Путь в Индию для М. Элиаде открылся несколько неожиданно. В мае 1928 года, читая «Историю индийской философии» Сурендраната Дасгупты, наткнулся на признание автора, что выходу в свет этой книги, включая ее издание и субсидии во время обучения в Кембриджском Университете, он обязан Марахайя Маниндра Чандра Нанди из Касимбрагара. Далее прилагался его адрес. «Шутки ради я написал ему письмо, в котором говорилось, что я собираюсь писать диплом по философии Возрождения, но, кроме того, меня очень интересует индийская философия, и мне бы хотелось поехать в Калькутту, поработать пару лет с Дасгуптой. Я мог бы жить достаточно скромно, как живут индийские студенты, и спрашивал, смогу ли я получить от него стипендию, если однажды окажусь в Индии»[5]5
  Там же, р. 145.


[Закрыть]
. Каково же было его изумление и радость, когда пришло ответное письмо с предложением учиться в Индии в течение пяти лет, субсидирование Махарайя гарантировал.

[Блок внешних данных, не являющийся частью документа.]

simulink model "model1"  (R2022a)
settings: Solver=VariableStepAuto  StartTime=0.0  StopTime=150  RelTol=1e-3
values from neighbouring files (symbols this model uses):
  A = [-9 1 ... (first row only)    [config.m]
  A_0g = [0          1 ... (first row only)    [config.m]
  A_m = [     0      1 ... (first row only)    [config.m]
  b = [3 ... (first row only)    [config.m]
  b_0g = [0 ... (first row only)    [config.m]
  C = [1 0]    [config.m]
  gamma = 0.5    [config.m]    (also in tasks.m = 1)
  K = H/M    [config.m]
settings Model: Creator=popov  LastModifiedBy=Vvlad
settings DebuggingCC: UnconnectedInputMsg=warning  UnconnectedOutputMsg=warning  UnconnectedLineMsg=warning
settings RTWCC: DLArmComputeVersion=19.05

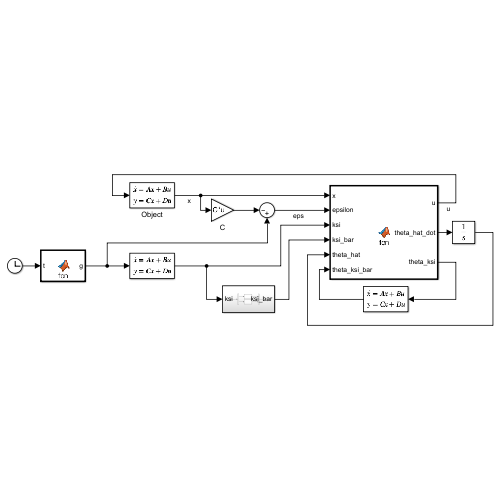
[thumbnail: Simulink's stored preview of the top-level diagram]
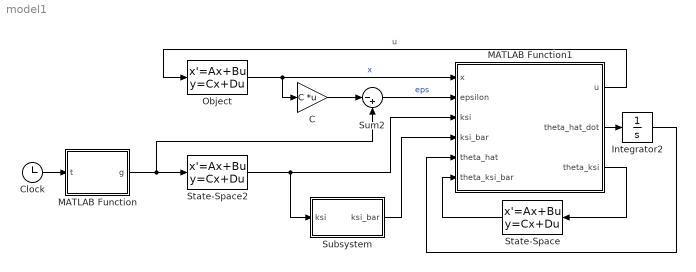
== system model1 ==
  C : Gain  Gain=C  Multiplication=Matrix(K*u)
  Clock : Clock
  Integrator2 : Integrator  InitialCondition=[0;0]
  MATLAB Function : MATLAB Function  TreatAsAtomicUnit=on
  MATLAB Function1 : MATLAB Function  TreatAsAtomicUnit=on
  Object : StateSpace  A=A  B=b  C=eye(2)  D=[0;0]  InitialCondition=0
  State-Space : StateSpace  A=A_m  B=b  C=C  D=0  InitialCondition=0
  State-Space2 : StateSpace  A=A_0g  B=b_0g  C=eye(2)  D=[0;0]  InitialCondition=0
  Subsystem : Subsystem
  Sum2 : Sum  Inputs=|-+
  wires:
  Clock/1 -> MATLAB Function/1(t)
  MATLAB Function/1(g) -> State-Space2/1, Sum2/2
  State-Space2/1 -> Subsystem/1(ksi), MATLAB Function1/3(ksi)
  MATLAB Function1/2(theta_hat_dot) -> Integrator2/1
  Integrator2/1 -> MATLAB Function1/5(theta_hat)
  MATLAB Function1/3(theta_ksi) -> State-Space/1
  State-Space/1 -> MATLAB Function1/6(theta_ksi_bar)
  Sum2/1 -> MATLAB Function1/2(epsilon)  "eps"
  Subsystem/1(ksi_bar) -> MATLAB Function1/4(ksi_bar)
  MATLAB Function1/1(u) -> Object/1  "u"
  Object/1 -> MATLAB Function1/1(x), C/1  "x"
  C/1 -> Sum2/1

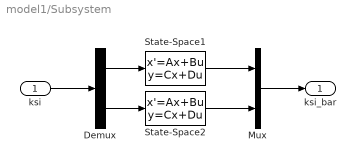
== system model1/Subsystem ==
  ksi : Inport
  Demux : Demux  Outputs=2
  Mux : Mux  Inputs=2
  State-Space1 : StateSpace  A=A_m  B=b  C=C  D=0  InitialCondition=0
  State-Space2 : StateSpace  A=A_m  B=b  C=C  D=0  InitialCondition=0
  ksi_bar : Outport
  wires:
  State-Space1/1 -> Mux/1
  Mux/1 -> ksi_bar/1
  Demux/2 -> State-Space2/1
  Demux/1 -> State-Space1/1
  State-Space2/1 -> Mux/2
  ksi/1 -> Demux/1

== matlab function model1/MATLAB Function1 ==
  data: x input; epsilon input; u output; ksi input; ksi_bar input; theta_hat input; theta_hat_dot output; K parameter; theta_ksi output; theta_ksi_bar input; gamma parameter
function [u,theta_hat_dot, theta_ksi] = fcn(x, epsilon, ksi, ksi_bar, theta_hat, K, theta_ksi_bar, gamma)

theta_ksi = theta_hat'*ksi;
epsilon_hat = epsilon - theta_hat'*ksi_bar + theta_ksi_bar;
theta_hat_dot = gamma*ksi_bar*epsilon_hat;
u = -K*x + theta_hat'*ksi;

== matlab function model1/MATLAB Function ==
  data: t input; g output
function g = fcn(t)

g = 6*cos(3*t+3);

Нет смысла подробно останавливаться на пребывании Элиаде в Индии – он сам прекрасно это описывает. Мы остановимся лишь на некоторых деталях. Кроме того, что М. Элиаде преуспел в изучении бенгальского, английского, пали и тибетского языков, изменилось его отношение к Индии. Если раньше, увлекаясь философией, он воспринимал ее как «историческую», теперь же открыл для себя «внеисторическую», вечную Индию. Проведенные там годы были не только «кабинетной» учебой, – это и пребывание в монастырях в Гималаях, и путешествия по деревням.

Тогда же он все более отчетливо стал ощущать единый «космический уровень» человеческой культуры, к которому так часто обращался впоследствии. «Мне казалось, что я начинаю замечать элементы единства во всех крестьянских культурах, от Китая и Юго-Восточной Азии до Средиземноморья и Португалии. Я везде находил то, что позже назвал «космической религиозностью»; ту ведущую роль, которую играют символы и образы, религиозное почтение к Земле и Жизни, вера, что в таинстве плодородия и космическом повторении проявляется сакральное, чего нет среди событий истории». Конечно, христианство трансформировало крестьянские культуры Европы, но средневековое и средиземноморское христианство было, тем не менее, тоже моментом «космической литургии». Воплощение, смерть и воскресение Христа – в некотором смысле видоизмененная Природа. «Мир снова становился «хорошим», каким он был до Падения»[6]6
  Там же, р. 202.


[Закрыть]
. Чуть позже мы вернемся к этим размышлениям М. Элиаде, со временем оформившимся в более или менее стройную теорию.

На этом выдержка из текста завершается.